Interform – die digitale Inszenierung der Interaktion fotografischer Formen. Zwischen den ineinanderfließenden Linien, Flächen und Farben entstehen eigene Frequenzen, die sich visuell und auch akustisch, synästhetisch gesehen, manifestieren.

Falk von Traubenbergs Fotografien des Werkkomplexes Interform scheinen Klang sichtbar zu machen, die Frequenzen, die entstehen, wenn Formen und Farbe sich ineinander auflösen und neue visuelle Dimensionen erschließen. Der synästhetische Aspekt, in seiner vollen spektralen Frequenzdichte, steht beim Interform Werkkomplex klar im Vordergrund. Wie ein rhythmischer Klangteppich fließt das Farbspektrum durch das Bild. Gegenständlichkeit verschmilzt mit Abstraktion in physikalisch akkurater Linearität, die die Fotografien aus ihrer intensiven farblichen Brillanz, aus ihrer geradezu undurchdringlichen, vor Energie strotzenden Diversität heraus immer wieder erden und in einer natürlich inhärenten Ruhe zentrieren. Diese Linearität verläuft in fein strukturierten Parallelen in horizontaler, vertikaler oder diagonaler Flußrichtung. Weiche und harte Linien werden kontrastiert, verlaufen, flirren, verschieben altbekannte Perspektiven in einer irisierenden Vielschichtigkeit. Diese visuellen Klangkompositionen lassen die Grenzen zwischen Bild und Klang sich auflösen und öffnen den Blick in ihrem psychedelischen Zusammenspiel von Form und Farbe für neue Synergieeffekte. Die Welt, in Farbe gehört.

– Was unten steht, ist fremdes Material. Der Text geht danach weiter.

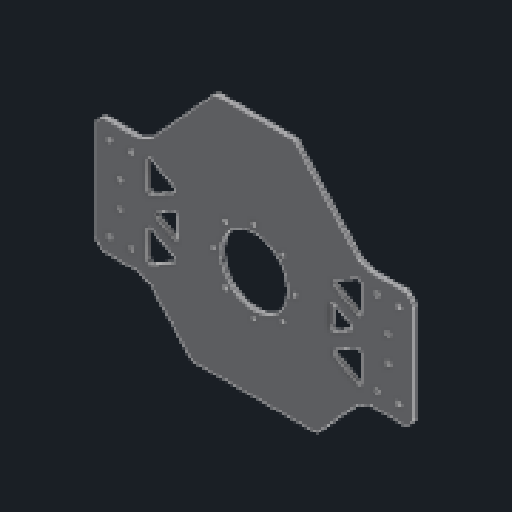
# Autodesk Inventor part: Root
Saved by Autodesk Inventor 2025.2 (Build 292293000, 293)
## iProperties
Created: 2020-05-07
Part Number: Root
Material: Generic
Document SubType Name: Sheet Metal
Designer: valer
Density: 1 g/cm^3
Sheet Metal Rule: Default
Appearance: Default
Author: valer
Autodesk Inventor part; units mm, degrees
ref_plane "YZ Plane" through (0, 0, 0) normal (1, 0, 0) x (0, 1, 0)
ref_plane "XZ Plane" through (0, 0, 0) normal (0, 1, 0) x (-1, 0, 0)
ref_plane "XY Plane" through (0, 0, 0) normal (0, 0, 1) x (1, 0, 0)
sketch "Base" plane through (0, 0, 0) normal (0, 0, 1) x (1, 0, 0)
  circle A0 centre (-56.25, 0) radius 2.75 construction
  circle A1 centre (0, -56.25) radius 2.75 construction
  circle A2 centre (0, 56.25) radius 2.75 construction
  circle A3 centre (39.7748, -39.7748) radius 2.75 construction
  circle A4 centre (-39.7748, 39.7748) radius 2.75 construction
  circle A5 centre (-39.7748, -39.7748) radius 2.75 construction
  circle A6 centre (39.7748, 39.7748) radius 2.75 construction
  circle A7 centre (56.25, 0) radius 2.75 construction
  circle A8 centre (0, 0) radius 45 construction
  circle A9 centre (0, 0) radius 61
  line L0 (220, 80) -> (-220, 80) construction
  line L1 (0, -210) -> (0, 210) construction
  line L2 (-308, 0) -> (308, 0) construction
  line L3 (-220, 80) -> (-150, 80)
  line L4 (-150, 80) -> (-150, 0)
  line L5 (-150, 0) -> (-220, 0)
  line L6 (-220, 0) -> (-220, 80)
  line L7 (86.6025, -150) -> (-86.6025, -150)
  line L8 (-86.6025, -150) -> (-173.2051, 0)
  line L9 (-173.2051, 0) -> (-86.6025, 150)
  line L10 (-86.6025, 150) -> (86.6025, 150)
  line L11 (86.6025, 150) -> (173.2051, 0)
  line L12 (173.2051, 0) -> (86.6025, -150)
  line L13 (-150, 0) -> (-86.6025, 150) construction
  line L14 (220, 80) -> (150, 80)
  line L15 (150, 80) -> (150, 0)
  line L16 (150, 0) -> (220, 0)
  line L17 (220, 0) -> (220, 80)
  line L18 (150, 0) -> (86.6025, 150) construction
  line L19 (-220, -80) -> (-150, -80)
  line L20 (-150, -80) -> (-150, 0)
  line L21 (-150, 0) -> (-219.7895, 0)
  line L22 (-219.7895, 0) -> (-220, -80)
  line L23 (-150, 0) -> (-86.6025, -150) construction
  line L24 (220, 0) -> (220, -80)
  line L25 (220, -80) -> (150, -80)
  line L26 (150, -80) -> (150, 0)
  line L27 (150, 0) -> (220, 0)
  line L28 (150, 0) -> (86.6025, -150) construction
  circle A10 centre (0, 0) radius 46.5
  circle A11 centre (-56.25, 0) radius 2.25
  circle A12 centre (-39.7748, -39.7748) radius 2.25
  circle A13 centre (0, -56.25) radius 2.25
  circle A14 centre (39.7748, -39.7748) radius 2.25
  circle A15 centre (56.25, 0) radius 2.25
  circle A16 centre (39.7748, 39.7748) radius 2.25
  circle A17 centre (0, 56.25) radius 2.25
  circle A18 centre (-39.7748, 39.7748) radius 2.25
  line L29 (-150, 80) -> (-86.6025, 150)
  line L30 (86.6025, 150) -> (150, 80)
  line L31 (-150, -80) -> (-86.6025, -150)
  line L32 (86.6025, -150) -> (150, -80)
  point P0 (0, 0)
  point P1 (210, 0)
  point P2 (150, 40.1924)
  point P3 (150, -40.1924)
  point P4 (173.2051, 0)
  point P5 (173.2051, 0)
  point P6 (-150, 40.1924)
  point P7 (-173.2051, 0)
  point P8 (-173.2051, 0)
  point P9 (-150, -40.1924)
  point P10 (173.2051, 0)
  point P11 (-173.2051, 0)
  point P12 (-173.2051, 0)
  dimension "d89" = 80
  dimension "d90" = 70
  dimension "d91" = 1.5
  dimension "d92" = 4.5
  dimension "d157" = 150
  dimension "d158" = 220
  measures "d89" distance between parallel lines of L0 L5
  measures "d90" distance between parallel lines of L4 L6
  measures "d91" radial gap between concentric circles of A10 A8
  measures "d92" diameter of A11
  measures "d157" distance from line of L7 A8.centre
  measures "d158" distance between parallel lines of L24 L1
extrude "Plate1" add sketch "Base" against normal blind 5 contours A9 | L3 L4 L9 L5 L6 | L29 L9 L4 | L9 L10 L11 L15 L26 L12 L7 L8 L20 L4 | L4 L5 L9 | L5 L8 L20 L19 L22 | L20 L8 L5 | L30 L15 L11 | L8 L31 L20 | L15 L14 L17 L16 L11 | L11 L16 L15 | L16 L24 L25 L26 L12 | L12 L26 L16 | L12 L26 L32
sketch "LegMountHoles" plane through (0, 0, -5) normal (0, 0, -1) x (-1, 0, 0)
  line L0 (-222.4542, 0) -> (-220, 0) construction
  line L1 (-220, 80) -> (-150, 80) construction
  line L2 (-185, 80) -> (-185, 0) construction
  line L3 (-170, 58) -> (-200, 58) construction
  circle A0 centre (-170, 58) radius 3
  circle A1 centre (-200, 58) radius 3
  circle A2 centre (-185, 18) radius 3
  line L4 (308.4908, 0) -> (-310.9451, 0) construction
  line L5 (0, -210) -> (0, 210) construction
  circle A3 centre (170, 58) radius 3
  circle A4 centre (200, 58) radius 3
  circle A5 centre (185, 18) radius 3
  circle A6 centre (-170, -58) radius 3
  circle A7 centre (-200, -58) radius 3
  circle A8 centre (-185, -18) radius 3
  circle A9 centre (170, -58) radius 3
  circle A10 centre (200, -58) radius 3
  circle A11 centre (185, -18) radius 3
  line L6 (-150, 80) -> (-86.6025, 150) projected
  line L7 (-220, -80) -> (-220, 80) projected
  point P0 (0, 0)
  point P1 (-185, 58)
  dimension "d93" = 6
  dimension "d94" = 30
  dimension "d95" = 40
  dimension "d161" = 18
  constraints: 12 centre point, 9 symmetric about line, 6 end point, 4 point on line, 2 coincident, 2 equal radius, 2 horizontal, 2 midpoint, 2 perpendicular, 1 collinear, 9 other
  measures "d93" diameter of A0
  measures "d94" distance of L3.start L3.end
  measures "d95" distance from line of L3 A2.centre
  measures "d161" distance from line of L4 A2.centre
extrude "LegMountHolesFeature" cut sketch "LegMountHoles" against normal blind 5
chamfer "OutsideChamfersFeature" distance 10 angle 45 8 edges at (-220, -80, -2.5) (-150, -80, -2.5) (150, -80, -2.5) (220, -80, -2.5) (-220, 80, -2.5) (-150, 80, -2.5) (150, 80, -2.5) (220, 80, -2.5)
fillet "OutsideFilletsFeature" radius 8 18 edges at (160, 80, -2.5) (210, 80, -2.5) (220, 70, -2.5) (210, -80, -2.5) (160, -80, -2.5) (86.6025, -150, -2.5) (-86.6025, -150, -2.5) (-160, -80, -2.5) (-210, -80, -2.5) (-219.9737, -70, -2.5) (-220, 0, -2.5) (-220, 70, -2.5) (-210, 80, -2.5) (-160, 80, -2.5) (-143.2871, 87.412, -2.5) (143.2871, 87.412, -2.5) (143.2871, -87.412, -2.5) (-143.2871, -87.412, -2.5)
sketch "LaserMount" plane through (0, 0, -5) normal (0, 0, -1) x (-1, 0, 0)
  line L0 (86.6025, 150) -> (142.1497, 88.6679)
  line L1 (86.6025, 150) -> (54.9038, 185)
  line L2 (54.9038, 185) -> (0, 185)
  line L3 (0, -217) -> (0, 252) construction
  line L4 (-86.6025, 150) -> (86.6025, 150)
  line L5 (-86.6025, 150) -> (-54.9038, 185)
  line L6 (-54.9038, 185) -> (0, 185)
  line L7 (86.6025, 150) -> (142.1497, 88.6679)
  point P0 (0, 0)
  dimension "d119" = 35
  measures "d119" distance between parallel lines of L2 L4
sheet face with bend "LaserMountFeature" sketch "LaserMount" thickness 5 toward (0, 0, 1) bend radius 5 relief straight relief width 5 relief depth 2.5
bend "Bend4"
fillet "FrontFilletsFeature" radius 8 2 edges at (-54.9038, 185, -2.5) (54.9038, 185, -2.5)
sketch "TrianglePattern" plane through (0, 0, -5) normal (0, 0, -1) x (-1, 0, 0)
  line L0 (-148.3013, -66.7074) -> (-105, -41.7074)
  line L1 (-105, -41.7074) -> (-148.3013, -16.7074)
  line L2 (-148.3013, -16.7074) -> (-148.3013, -66.7074)
  line L3 (-139.641, 0) -> (-105, -20)
  line L4 (-105, -20) -> (-105, 20)
  line L5 (-105, 20) -> (-139.641, 0)
  line L6 (308, 0) -> (-308, 0) construction
  line L7 (-148.3013, 66.7074) -> (-105, 41.7074)
  line L8 (-105, 41.7074) -> (-148.3013, 16.7074)
  line L9 (-148.3013, 16.7074) -> (-148.3013, 66.7074)
  line L10 (0, -217) -> (0, 252) construction
  line L11 (148.3013, -66.7074) -> (105, -41.7074)
  line L12 (105, -41.7074) -> (148.3013, -16.7074)
  line L13 (148.3013, -16.7074) -> (148.3013, -66.7074)
  line L14 (139.641, 0) -> (105, -20)
  line L15 (105, -20) -> (105, 20)
  line L16 (105, 20) -> (139.641, 0)
  line L17 (148.3013, 16.7074) -> (148.3013, 66.7074)
  line L18 (148.3013, 66.7074) -> (105, 41.7074)
  line L19 (105, 41.7074) -> (148.3013, 16.7074)
  line L20 (-105, 41.7074) -> (-105, 20) construction
  line L21 (-105, 41.7074) -> (-148.3013, 41.7074) construction
  line L22 (-105, -41.7074) -> (-148.3013, -41.7074) construction
  point P0 (0, 0)
  dimension "d149" = 30
  dimension "d150" = 18.7992
  dimension "d151" = 30
  dimension "d152" = 30
  dimension "d153" = 18.7992
  dimension "d154" = 40
  dimension "d155" = 50
  dimension "d156" = 105
  constraints: 42 end point, 12 symmetric about line, 4 parallel, 2 midpoint, 1 collinear, 1 perpendicular, 1 point on line
  measures "d149" angle of L6 L5
  measures "d150" distance between parallel lines of L5 L8
  measures "d151" angle of L8 L21
  measures "d152" angle of L22 L1
  measures "d153" distance between parallel lines of L1 L3
  measures "d154" distance of L3.end L4.end
  measures "d155" distance of L9.start L9.end
  measures "d156" distance from line of L4 point (0, 0)
extrude "TriangleHolesFeature" cut sketch "TrianglePattern" against normal blind 5
fillet "TriangleHoleFilletsFeature" radius 4 18 edges at (105, -20, -2.5) (105, 20, -2.5) (139.641, 0, -2.5) (105, -41.7074, -2.5) (148.3013, -16.7074, -2.5) (148.3013, -66.7074, -2.5) (105, 41.7074, -2.5) (148.3013, 66.7074, -2.5) (148.3013, 16.7074, -2.5) (-148.3013, 66.7074, -2.5) (-148.3013, 16.7074, -2.5) (-105, 41.7074, -2.5) (-139.641, 0, -2.5) (-105, 20, -2.5) (-105, -20, -2.5) (-148.3013, -16.7074, -2.5) (-148.3013, -66.7074, -2.5) (-105, -41.7074, -2.5)
equation "\"d97\" = Thickness"
equation "\"d33\" = Thickness"
equation "\"BendRadius\" = Thickness"
equation "\"BendReliefWidth\" = Thickness"
equation "\"BendReliefDepth\" = 0.5 * Thickness"
equation "\"TransitionRadius\" = BendRadius"
equation "\"JacobiRadiusSize\" = BendRadius"
equation "\"GapSize\" = Thickness"
equation "\"Thickness\" = 5"
body "Solid1"

Vom Architekturbild zur Bildarchitektur. Dekonstruktivistische Fotografie wird hier betrieben, die digitale Auflösung und Neukomposition architektonischer Bildelemente. Scheinbar zufällig kombinierte Architektur- und Straßenszenenfotografien werden durch den darüber liegenden Farbklang zu einer runden Ganzheit gebracht. Indem ganz in die Struktur eintaucht wird, können Form und Farbe de- und dann rekonstruiert werden. Dekonstruktivismus weicht von altbewährter Stabilität und Einheitlichkeit ab und kommt in der freien Beweglichkeit der Digital Art zu neuer, übergeordneter Harmonie.

Das Resultat ist die optische Auflösung sowohl von der Wahrnehmung als auch von der Technik. Das Auge, in ständiger Bewegung gehalten, sucht in der flimmernden Abstraktion nach wiedererkennbaren Formen, die sich, sobald erkannt, unmittelbar wieder auflösen und verschieben. Falk von Traubenberg setzt sich in dieser Sichtbarmachung neuer Perspektiven mit der visuell-akustisch-synästhetischer Wahrnehmung auseinander. Perzeptorische Grenzen verschieben sich und werden aufgelöst, um darin neue Blickwinkel zu erschließen. Mit höchster technischer und inhaltlicher Präzision bringt er scheinbar unstrukturierte Formen und Farben in übergeordneten, perfekt stimmigen Einklang. Durch seine individuelle, durchdefinierte Bildsprache gelingt es ihm, das essentielle Wesen der Fotografie zu vermitteln: Sie ist eine freie Reflektion der Welt, dessen, was wir als Realität empfinden.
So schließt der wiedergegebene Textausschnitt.